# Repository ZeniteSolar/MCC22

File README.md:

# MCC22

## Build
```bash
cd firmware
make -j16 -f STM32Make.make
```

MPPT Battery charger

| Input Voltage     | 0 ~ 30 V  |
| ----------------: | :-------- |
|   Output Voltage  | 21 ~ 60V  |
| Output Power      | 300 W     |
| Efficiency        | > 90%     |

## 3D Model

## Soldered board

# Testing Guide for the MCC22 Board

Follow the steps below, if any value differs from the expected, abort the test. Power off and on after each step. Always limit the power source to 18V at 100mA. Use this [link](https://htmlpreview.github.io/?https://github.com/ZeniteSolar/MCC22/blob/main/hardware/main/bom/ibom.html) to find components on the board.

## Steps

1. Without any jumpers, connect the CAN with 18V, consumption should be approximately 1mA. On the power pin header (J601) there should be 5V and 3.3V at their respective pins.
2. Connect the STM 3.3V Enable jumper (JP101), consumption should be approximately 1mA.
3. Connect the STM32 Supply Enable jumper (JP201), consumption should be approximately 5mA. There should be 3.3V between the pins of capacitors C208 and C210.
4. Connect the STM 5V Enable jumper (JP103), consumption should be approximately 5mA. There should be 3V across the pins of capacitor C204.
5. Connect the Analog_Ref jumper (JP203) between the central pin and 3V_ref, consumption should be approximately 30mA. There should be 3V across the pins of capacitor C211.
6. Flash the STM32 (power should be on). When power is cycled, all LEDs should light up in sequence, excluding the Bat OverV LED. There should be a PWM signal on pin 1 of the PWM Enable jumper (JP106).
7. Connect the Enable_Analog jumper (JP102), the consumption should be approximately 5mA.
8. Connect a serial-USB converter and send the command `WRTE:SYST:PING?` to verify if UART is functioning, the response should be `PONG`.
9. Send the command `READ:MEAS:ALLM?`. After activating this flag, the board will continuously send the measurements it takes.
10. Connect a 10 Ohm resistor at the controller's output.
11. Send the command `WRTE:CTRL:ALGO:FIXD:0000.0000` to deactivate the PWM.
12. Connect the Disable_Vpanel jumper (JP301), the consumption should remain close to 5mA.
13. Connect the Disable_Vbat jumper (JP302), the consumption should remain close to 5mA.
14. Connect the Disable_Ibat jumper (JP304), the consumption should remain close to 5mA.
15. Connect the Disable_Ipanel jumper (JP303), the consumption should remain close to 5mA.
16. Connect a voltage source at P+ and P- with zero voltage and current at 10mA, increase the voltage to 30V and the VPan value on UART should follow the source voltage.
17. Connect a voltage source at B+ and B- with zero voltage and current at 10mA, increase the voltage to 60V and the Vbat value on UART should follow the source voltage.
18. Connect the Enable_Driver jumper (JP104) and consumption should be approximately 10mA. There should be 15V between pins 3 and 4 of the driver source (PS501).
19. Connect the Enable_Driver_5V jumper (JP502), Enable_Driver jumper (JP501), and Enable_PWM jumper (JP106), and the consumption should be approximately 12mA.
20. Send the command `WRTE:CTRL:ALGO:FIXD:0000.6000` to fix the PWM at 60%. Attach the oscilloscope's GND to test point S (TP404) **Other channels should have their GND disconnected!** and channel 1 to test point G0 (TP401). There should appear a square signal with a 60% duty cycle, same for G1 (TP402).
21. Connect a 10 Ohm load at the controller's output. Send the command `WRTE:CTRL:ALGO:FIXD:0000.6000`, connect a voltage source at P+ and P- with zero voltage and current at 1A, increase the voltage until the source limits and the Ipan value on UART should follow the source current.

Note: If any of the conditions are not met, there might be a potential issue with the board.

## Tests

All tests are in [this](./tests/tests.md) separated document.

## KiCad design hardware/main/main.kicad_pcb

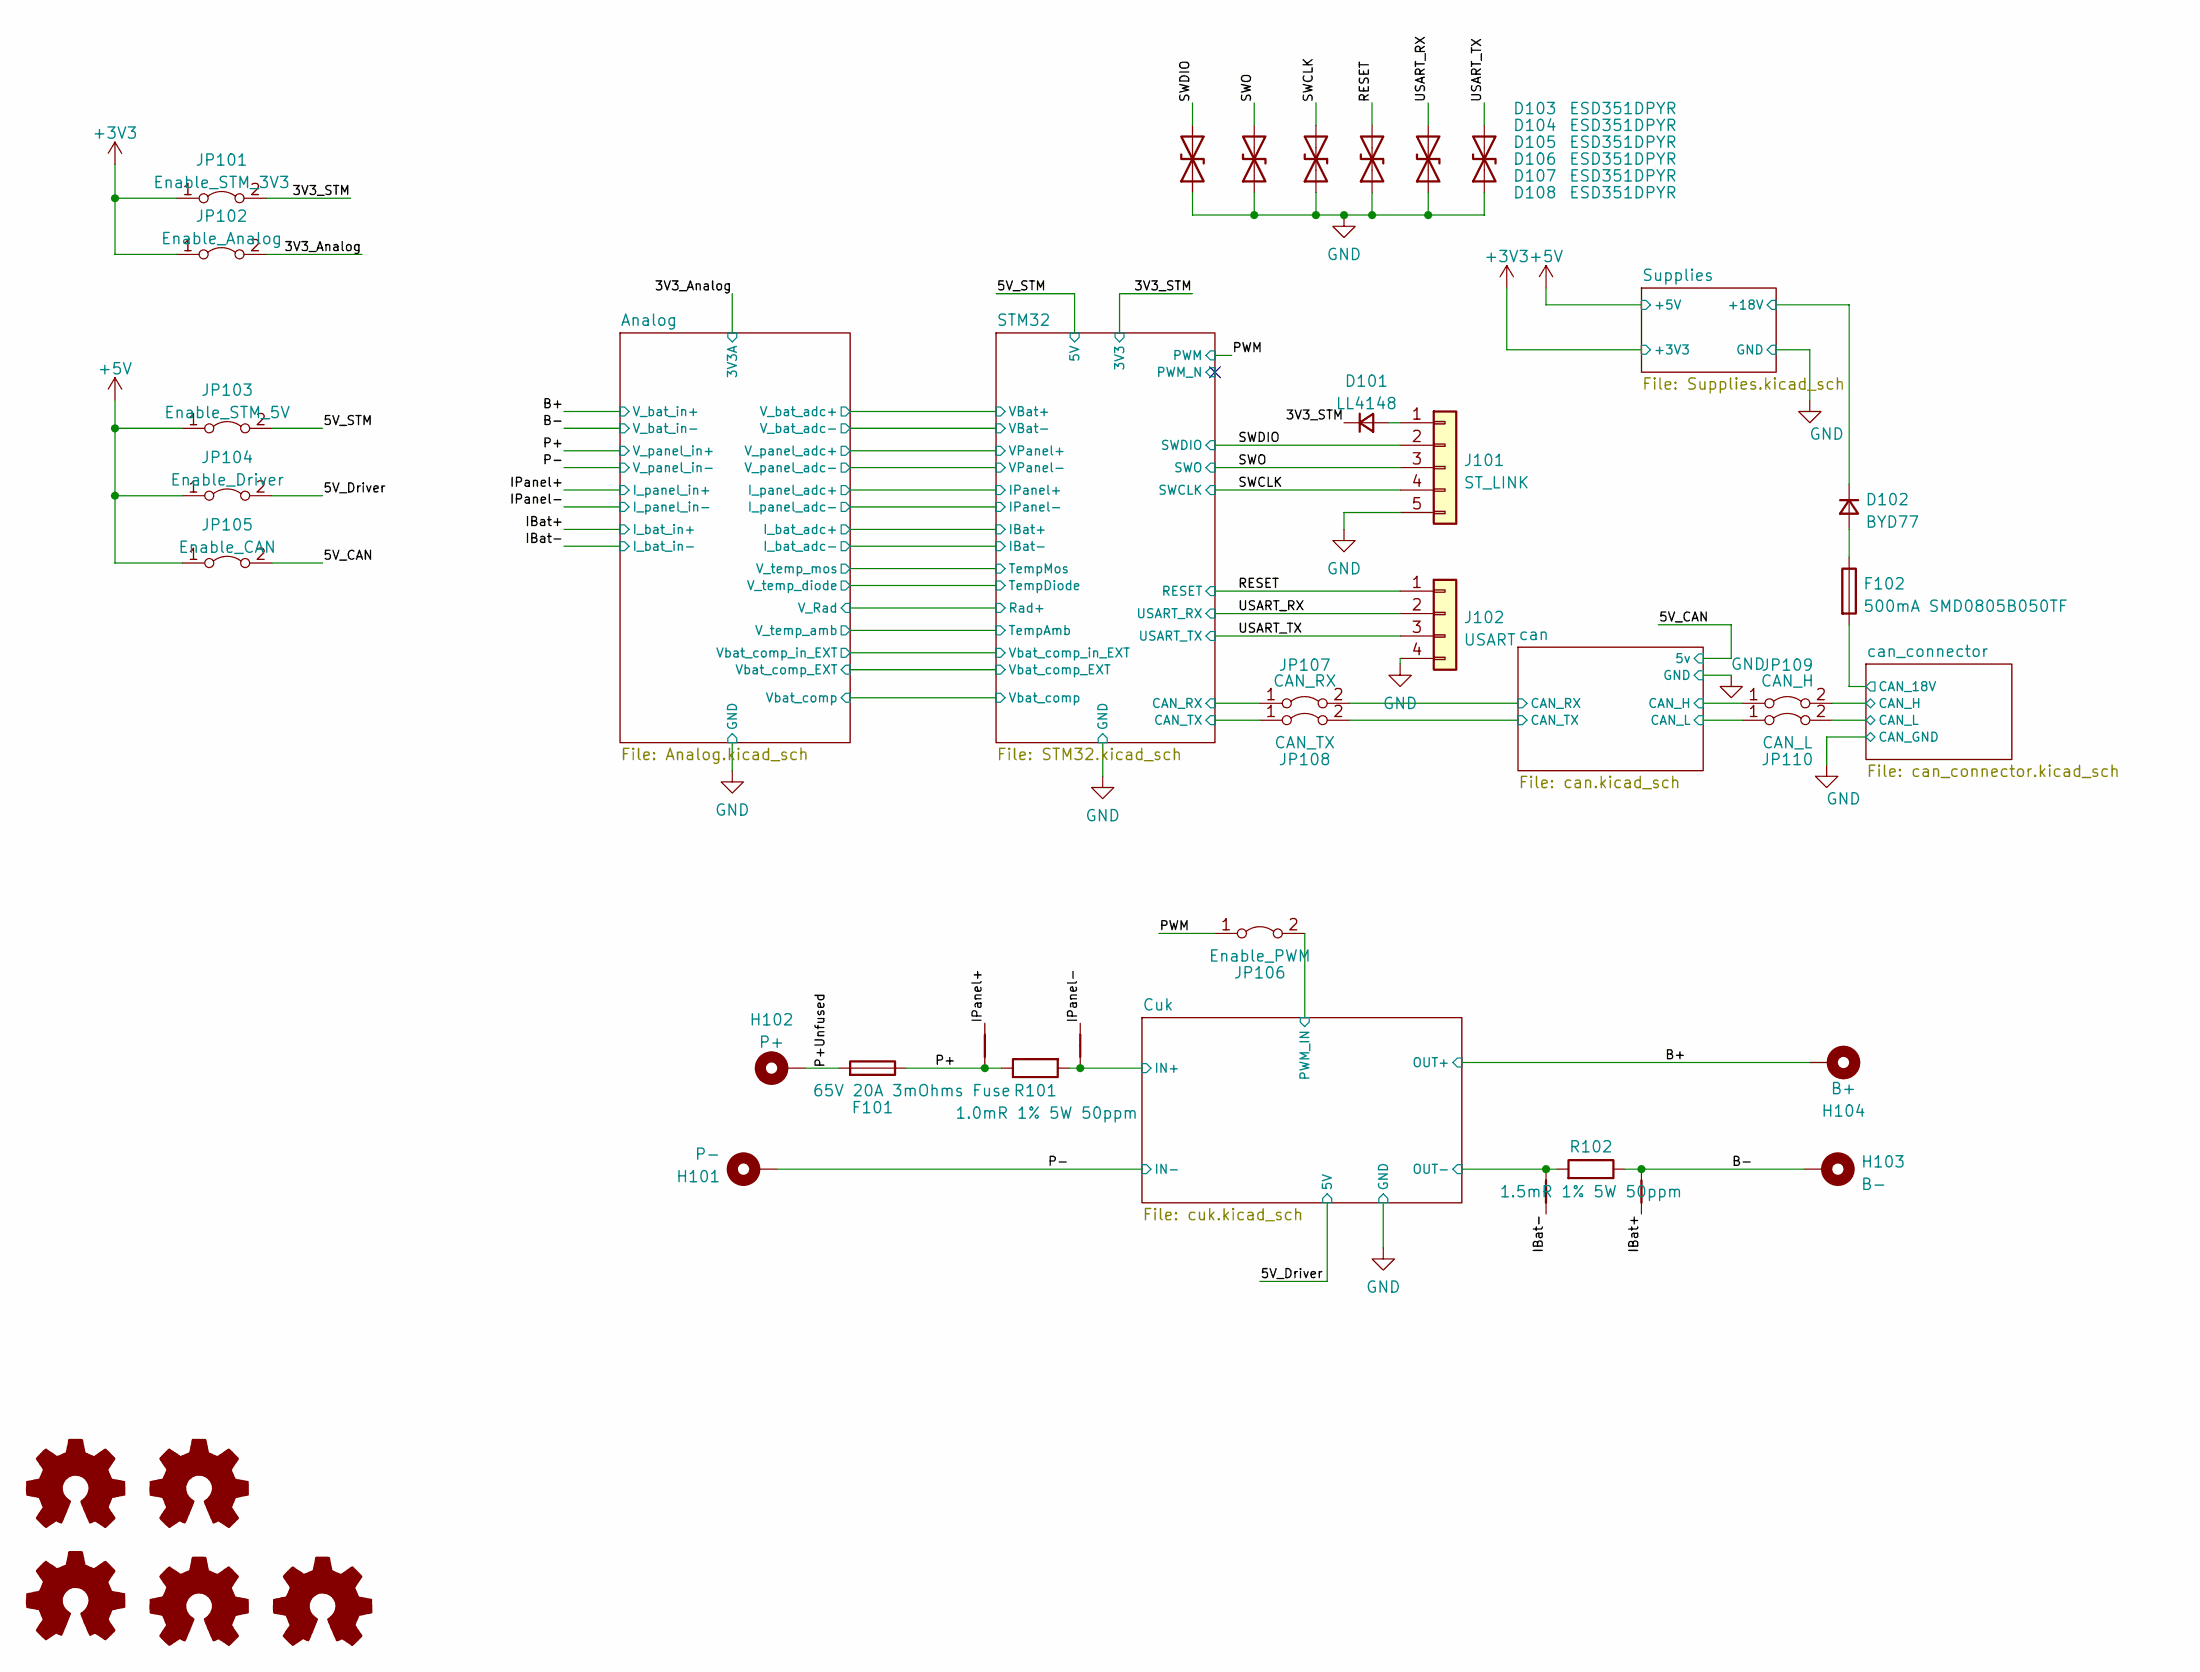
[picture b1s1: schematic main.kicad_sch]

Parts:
D101: LL4148; D_MiniMELF_Handsoldering
D102: BYD77; D_MiniMELF_Handsoldering
D103, D104, D105, D106, D107, D108: ESD351DPYR; D_0402_1005Metric_Pad0.77x0.64mm_HandSolder
F101: 65V 20A 3mOhms Fuse; S6125-F
F102: 500mA SMD0805B050TF; Fuse_0805_2012Metric_Pad1.15x1.40mm_HandSolder
H101: P-; MountingHole_13mmx13mm_Rectangular
H102: P+; MountingHole_13mmx13mm_Rectangular
H103: B-; MountingHole_13mmx13mm_Rectangular
H104: B+; MountingHole_13mmx13mm_Rectangular
J101: ST_LINK; PinSocket_1x05_P2.54mm_Horizontal_SMD
J102: USART; PinSocket_1x04_P2.54mm_Horizontal_SMD
JP101: Enable_STM_3V3; SolderJumper-2_P0.5mm_Open_TrianglePad0.8x0.5mm
JP102: Enable_Analog; SolderJumper-2_P0.5mm_Open_TrianglePad0.8x0.5mm
JP103: Enable_STM_5V; SolderJumper-2_P0.5mm_Open_TrianglePad0.8x0.5mm
JP104: Enable_Driver; SolderJumper-2_P0.5mm_Open_TrianglePad0.8x0.5mm
JP105: Enable_CAN; SolderJumper-2_P0.5mm_Open_TrianglePad0.8x0.5mm
JP106: Enable_PWM; SolderJumper-2_P0.5mm_Open_TrianglePad0.8x0.5mm
JP107: CAN_RX; SolderJumper-2_P0.5mm_Open_TrianglePad0.8x0.5mm
JP108: CAN_TX; SolderJumper-2_P0.5mm_Open_TrianglePad0.8x0.5mm
JP109: CAN_H; SolderJumper-2_P0.5mm_Open_TrianglePad0.8x0.5mm
JP110: CAN_L; SolderJumper-2_P0.5mm_Open_TrianglePad0.8x0.5mm
LOGO101: Logo_Open_Hardware_Small; symbol_logoZenite
LOGO102: Logo_Open_Hardware_Small; synbol_logoifsc
LOGO103: Logo_Open_Hardware_Small; OSHW-Logo_5.7x6mm_SilkScreen
LOGO104: Logo_Open_Hardware_Small; symbol_logoZenite_small
LOGO105: Logo_Open_Hardware_Small; synbol_logoifsc_small
NT101, NT102, NT104: NetTie_2; NetTie-2_SMD_Pad0.3mm
NT103: Resistor_SMD:R_0201_0603Metric; NetTie-2_SMD_Pad0.3mm
R101: 1.0mR 1% 5W 50ppm; R_2512_6332Metric_Pad1.40x3.35mm_HandSolder
R102: 1.5mR 1% 5W 50ppm; R_2512_6332Metric_Pad1.40x3.35mm_HandSolder

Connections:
+3V3: JP101.1 (A), JP102.1 (A); also elsewhere on the board
+5V: JP103.1 (A), JP104.1 (A), JP105.1 (A); also elsewhere on the board
/3V3_Analog: JP102.2 (B); also elsewhere on the board
/3V3_STM: D101.1 (K), JP101.2 (B); also elsewhere on the board
/5V_CAN: JP105.2 (B); also elsewhere on the board
/5V_Driver: JP104.2 (B); also elsewhere on the board
/5V_STM: JP103.2 (B); also elsewhere on the board
/B+: H104.1; also elsewhere on the board
/B-: H103.1, NT104.2, R102.1; also elsewhere on the board
/Cuk/A: NT102.2, NT103.2, R101.2, R102.2; also elsewhere on the board
/Cuk/PWM_IN: JP106.2 (B); also elsewhere on the board
/IBat+: NT104.1; also elsewhere on the board
/IBat-: NT103.1; also elsewhere on the board
/IPanel+: NT101.1; also elsewhere on the board
/IPanel-: NT102.1; also elsewhere on the board
/P+: F101.1, NT101.2, R101.1; also elsewhere on the board
/P+Unfused: F101.2, H102.1
/P-: H101.1; also elsewhere on the board
/PWM: JP106.1 (A); also elsewhere on the board
/RESET: D106.2 (A2), J102.1; also elsewhere on the board
/STM32/CAN_RX: JP107.1 (A); also elsewhere on the board
/STM32/CAN_TX: JP108.1 (A); also elsewhere on the board
/SWCLK: D105.2 (A2), J101.4; also elsewhere on the board
/SWDIO: D103.2 (A2), J101.2; also elsewhere on the board
/SWO: D104.2 (A2), J101.3; also elsewhere on the board
/Supplies/+18V: D102.1 (K); also elsewhere on the board
/USART_RX: D107.2 (A2), J102.2; also elsewhere on the board
/USART_TX: D108.2 (A2), J102.3; also elsewhere on the board
/can/CAN_H: JP109.1 (A); also elsewhere on the board
/can/CAN_L: JP110.1 (A); also elsewhere on the board
/can/CAN_RX: JP107.2 (B); also elsewhere on the board
/can/CAN_TX: JP108.2 (B); also elsewhere on the board
/can_connector/CAN_18V: F102.2; also elsewhere on the board
/can_connector/CAN_H: JP109.2 (B); also elsewhere on the board
/can_connector/CAN_L: JP110.2 (B); also elsewhere on the board
GND: D103.1 (A1), D104.1 (A1), D105.1 (A1), D106.1 (A1), D107.1 (A1), D108.1 (A1), J101.5, J102.4; also elsewhere on the board
unnamed: D101.2 (A), J101.1
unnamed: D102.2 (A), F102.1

▬▬▬▬▬▬

— WORK INSTRUCTION —
With the line holding "LOGO101: Logo_Open_Hardware_Small; symbol_logoZenite" as the first and the line holding "JP107.2 (B); also elsewhere on the board" as the last, set down that range of the entries above exactly, and nothing else.

— EXERCISE SOLUTION —
LOGO101: Logo_Open_Hardware_Small; symbol_logoZenite
LOGO102: Logo_Open_Hardware_Small; synbol_logoifsc
LOGO103: Logo_Open_Hardware_Small; OSHW-Logo_5.7x6mm_SilkScreen
LOGO104: Logo_Open_Hardware_Small; symbol_logoZenite_small
LOGO105: Logo_Open_Hardware_Small; synbol_logoifsc_small
NT101, NT102, NT104: NetTie_2; NetTie-2_SMD_Pad0.3mm
NT103: Resistor_SMD:R_0201_0603Metric; NetTie-2_SMD_Pad0.3mm
R101: 1.0mR 1% 5W 50ppm; R_2512_6332Metric_Pad1.40x3.35mm_HandSolder
R102: 1.5mR 1% 5W 50ppm; R_2512_6332Metric_Pad1.40x3.35mm_HandSolder

Connections:
+3V3: JP101.1 (A), JP102.1 (A); also elsewhere on the board
+5V: JP103.1 (A), JP104.1 (A), JP105.1 (A); also elsewhere on the board
/3V3_Analog: JP102.2 (B); also elsewhere on the board
/3V3_STM: D101.1 (K), JP101.2 (B); also elsewhere on the board
/5V_CAN: JP105.2 (B); also elsewhere on the board
/5V_Driver: JP104.2 (B); also elsewhere on the board
/5V_STM: JP103.2 (B); also elsewhere on the board
/B+: H104.1; also elsewhere on the board
/B-: H103.1, NT104.2, R102.1; also elsewhere on the board
/Cuk/A: NT102.2, NT103.2, R101.2, R102.2; also elsewhere on the board
/Cuk/PWM_IN: JP106.2 (B); also elsewhere on the board
/IBat+: NT104.1; also elsewhere on the board
/IBat-: NT103.1; also elsewhere on the board
/IPanel+: NT101.1; also elsewhere on the board
/IPanel-: NT102.1; also elsewhere on the board
/P+: F101.1, NT101.2, R101.1; also elsewhere on the board
/P+Unfused: F101.2, H102.1
/P-: H101.1; also elsewhere on the board
/PWM: JP106.1 (A); also elsewhere on the board
/RESET: D106.2 (A2), J102.1; also elsewhere on the board
/STM32/CAN_RX: JP107.1 (A); also elsewhere on the board
/STM32/CAN_TX: JP108.1 (A); also elsewhere on the board
/SWCLK: D105.2 (A2), J101.4; also elsewhere on the board
/SWDIO: D103.2 (A2), J101.2; also elsewhere on the board
/SWO: D104.2 (A2), J101.3; also elsewhere on the board
/Supplies/+18V: D102.1 (K); also elsewhere on the board
/USART_RX: D107.2 (A2), J102.2; also elsewhere on the board
/USART_TX: D108.2 (A2), J102.3; also elsewhere on the board
/can/CAN_H: JP109.1 (A); also elsewhere on the board
/can/CAN_L: JP110.1 (A); also elsewhere on the board
/can/CAN_RX: JP107.2 (B); also elsewhere on the board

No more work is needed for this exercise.